画家たちが望むように怪物の姿をしているし、絵の中のものということでは画布の魔物を大家に持つ、実際には信仰の系譜の生き物なのだ。
「そうか。君は人造精霊か……………」
「そうとも。儂はこの絵の封印として描き出された、怪物の姿をした聖人である。だがあくまでも門番であり、そして導き手に過ぎない。先に伝えておくが、この先にいる審問官は恐ろしいぞ」
「まったく、厄介なところですね…………」
「扉さえ見つかればどうにでもなるさ」
最後にそう締めくくったウィリアムに、なぜか黒羊とエドワードは恐ろしいものでも見るかのように目を瞠った。
(あ、ばりんとやるつもりかもしれない…………)
ネアはそんな予感を抱き、もう心配なさそうだぞと頭を撫でてくれたウィリアムを見上げる。
先程の話では、あくまでもこの空間そのものを乱暴に破ると外側に影響が出るということであったので、扉を開ける為に審問官をさっくりやるのは問題ないのだろうか。
(でも、戻った後のことを考えて擬態を解かないようにしているのであれば、ばりんと出来るかしら?)

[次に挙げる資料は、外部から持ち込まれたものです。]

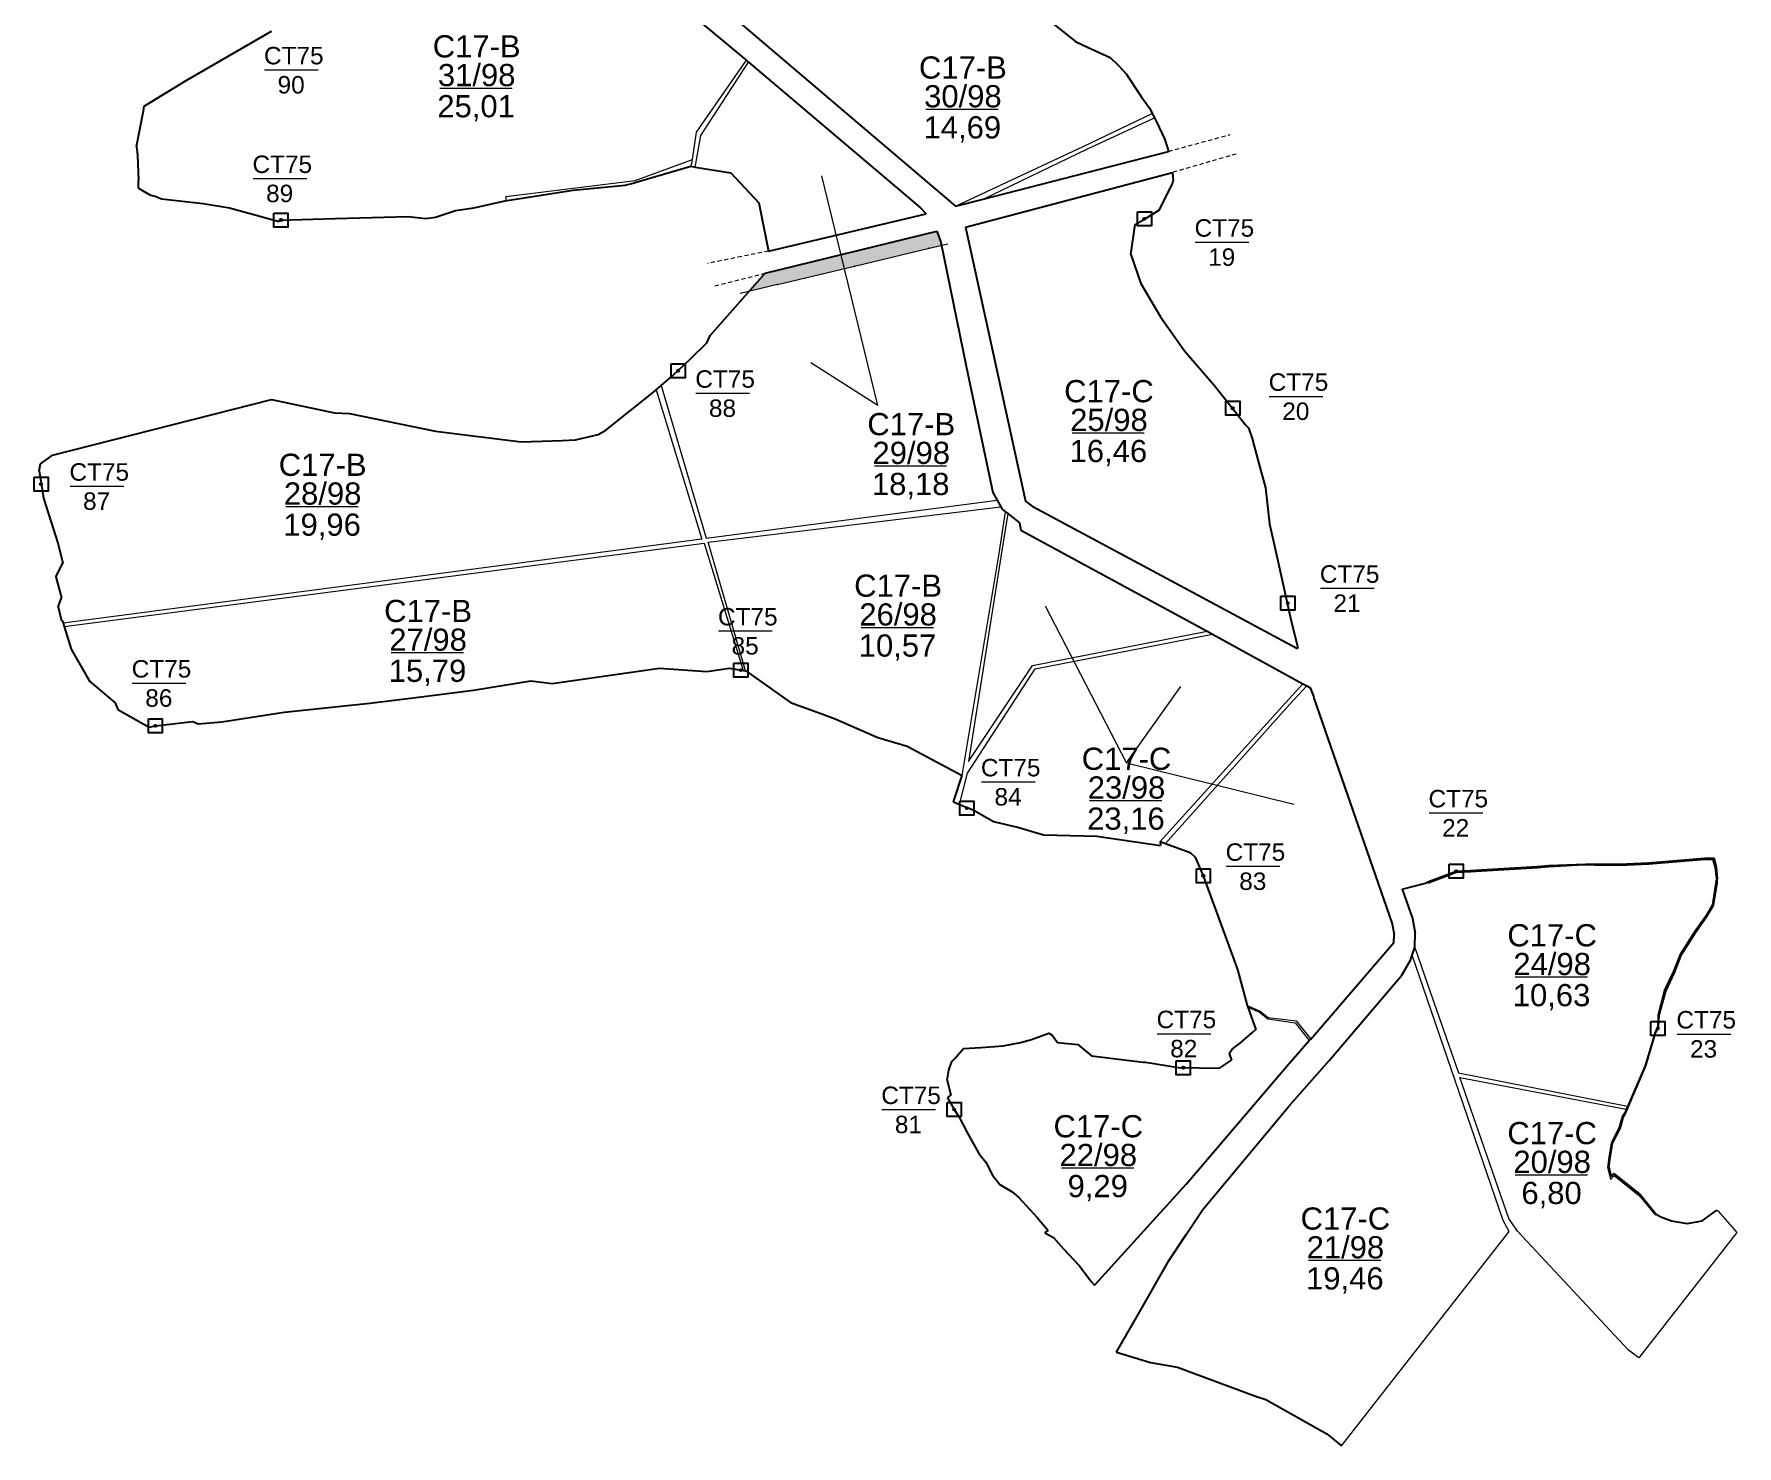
# Model space of a CAD drawing. Header units: metres. Extents: x 393207 to 397708, y 1541328 to 1545523.
# Drawn here: x 395268 to 397708, y 1541328 to 1543350 of the extents above; entities that cross this region are included whole.
import ezdxf
from ezdxf.enums import TextEntityAlignment as Align

# ---------------------------------------------------------------- set-up
doc = ezdxf.new("R2010")
doc.units = ezdxf.units.M
doc.header["$MEASUREMENT"] = 0
doc.linetypes.add('DGN Style 2', pattern=[9.82123, 5.892738, -3.928492])
doc.layers.add('RanhTwo', color=3, linetype='Continuous', lineweight=0)
doc.styles.add('Style-Arial', font='arial.ttf')
doc.styles.add('Style-vnarial', font='vnarial.shx')

# ---------------------------------------------------------------- blocks, each defined once
blk = doc.blocks.new('*U0')
at = {"color": 0, "linetype": 'Continuous', "lineweight": -2, "ltscale": 10, "flags": 128}
blk.add_lwpolyline([(-150, 150), (150, 150), (150, -150), (-150, -150), (-150, 150)], close=True, dxfattribs=at)
at = {"color": 0, "linetype": 'Continuous', "lineweight": -2, "ltscale": 10}
blk.add_circle((-0.02828, 0.016065), 22.5, dxfattribs=at)
blk = doc.blocks.new('*U23')
at = {"layer": 'RanhTwo', "color": 3, "linetype": 'Continuous', "lineweight": 13}
blk.add_line((-61.590494, 0.736004), (61.441766, 0.736004), dxfattribs=at)
at = {"layer": 'RanhTwo', "color": 3, "linetype": 'Continuous', "lineweight": 13, "style": 'Style-vnarial'}
for s, p in [('CT75', (-62.927441, 13.404394)), ('19', (-31.75311, -53.404336))]:
    blk.add_text(s, height=40, dxfattribs=at).set_placement(p)
blk = doc.blocks.new('*U24')
at = {"layer": 'RanhTwo', "color": 3, "linetype": 'Continuous', "lineweight": 13}
blk.add_line((-61.590494, 0.736004), (61.441766, 0.736004), dxfattribs=at)
at = {"layer": 'RanhTwo', "color": 3, "linetype": 'Continuous', "lineweight": 13, "style": 'Style-vnarial'}
for s, p in [('CT75', (-62.927441, 13.404394)), ('20', (-31.75311, -53.404336))]:
    blk.add_text(s, height=40, dxfattribs=at).set_placement(p)
blk = doc.blocks.new('*U25')
at = {"layer": 'RanhTwo', "color": 3, "linetype": 'Continuous', "lineweight": 13}
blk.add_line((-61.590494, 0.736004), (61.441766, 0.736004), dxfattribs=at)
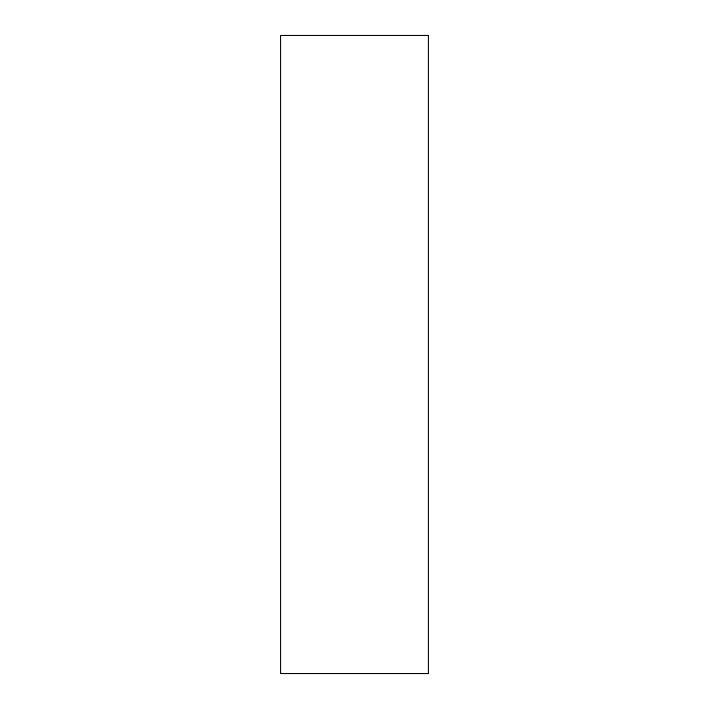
<?xml version="1.0" encoding="UTF-8"?>
<svg xmlns="http://www.w3.org/2000/svg" width="709" height="709" viewBox="0 0 709 709"><rect width="100%" height="100%" fill="white"/><g stroke="black" fill="none" stroke-linecap="round" stroke-linejoin="round"><path stroke-width="1.06" d="M428.422 35.45L280.578 35.45L280.578 673.55L428.422 673.55L428.422 35.45"/></g></svg>

「ウィリアムさん、何ならきりんさんを出動させますよ?」
「それも考えたんだが、門まで崩れるとまずいからな、アルテアに任せよう」
「む。……………ちびふわ……………アルテアさんに?」
「ああ。さっき、シェダーが解呪していっただろう?とっくに元の姿に戻れる筈なんだが、寝ているのか…………?」
「寝ているというよりは、今の言葉に、肩の上でわなわなと震えているようです………」
そして、震えているのはアルテアだけではなかった。
その名前を耳にしてしまったエドワードも、なぜかわなわなと震えている。
「…………アルテアが、ここに?…………い、いや、居れば俺が気付かない筈もないが…………まさか?!」
「ぎゃ?!詰め寄られても私はアルテアさんではありません!!さてはアルテアさん大好きっ子ですね?!」
「…………………俺が、あの方に好意を持つことなど有り得ません」
「………ではなぜ、大興奮なのでしょう………………」
「だが、あの方の目利きは素晴らしい。ですので、彼が選ぶ品物は全て手に入れたいとは思っています。難しいのは、彼は希少なものを好む傾向にあるので、出し抜いて先に手に入れるとなると骨が折れることでしょうか…………」
「むぅ。競合相手でした……………」
そう唸ったネアに、巻き込まれた感じになった黒羊は既に生温い眼差しになってしまっており、そろそろ帰ってもいいかなという雰囲気をびしばし出してきた。
そんな様子に気付いたのか、ウィリアムがもう行っていいぞと鷹揚に伝えている。
ててっという感じでそそくさと駆け去ってゆく黒羊に、ネアはちびりとした尻尾は可愛いかったなと忙しない別れを惜しんでおいた。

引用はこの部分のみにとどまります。